----- DATASET EXCERPTS

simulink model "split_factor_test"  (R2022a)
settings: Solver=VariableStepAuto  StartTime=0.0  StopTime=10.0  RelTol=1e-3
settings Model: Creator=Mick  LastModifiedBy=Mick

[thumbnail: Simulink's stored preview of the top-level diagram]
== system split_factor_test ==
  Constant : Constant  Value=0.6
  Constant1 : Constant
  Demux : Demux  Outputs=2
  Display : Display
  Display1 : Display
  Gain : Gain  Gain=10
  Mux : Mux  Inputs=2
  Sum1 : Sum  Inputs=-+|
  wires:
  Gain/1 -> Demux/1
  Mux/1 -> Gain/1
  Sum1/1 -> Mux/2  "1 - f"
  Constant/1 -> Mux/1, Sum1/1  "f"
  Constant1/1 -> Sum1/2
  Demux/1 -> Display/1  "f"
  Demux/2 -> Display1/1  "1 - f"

----------

* _WHAT THE TASK REQUIRES_
Copy each line from the data that features the string "Demux".

* _FINISHED TASK_
  Demux : Demux  Outputs=2
  Gain/1 -> Demux/1
  Demux/1 -> Display/1  "f"
  Demux/2 -> Display1/1  "1 - f"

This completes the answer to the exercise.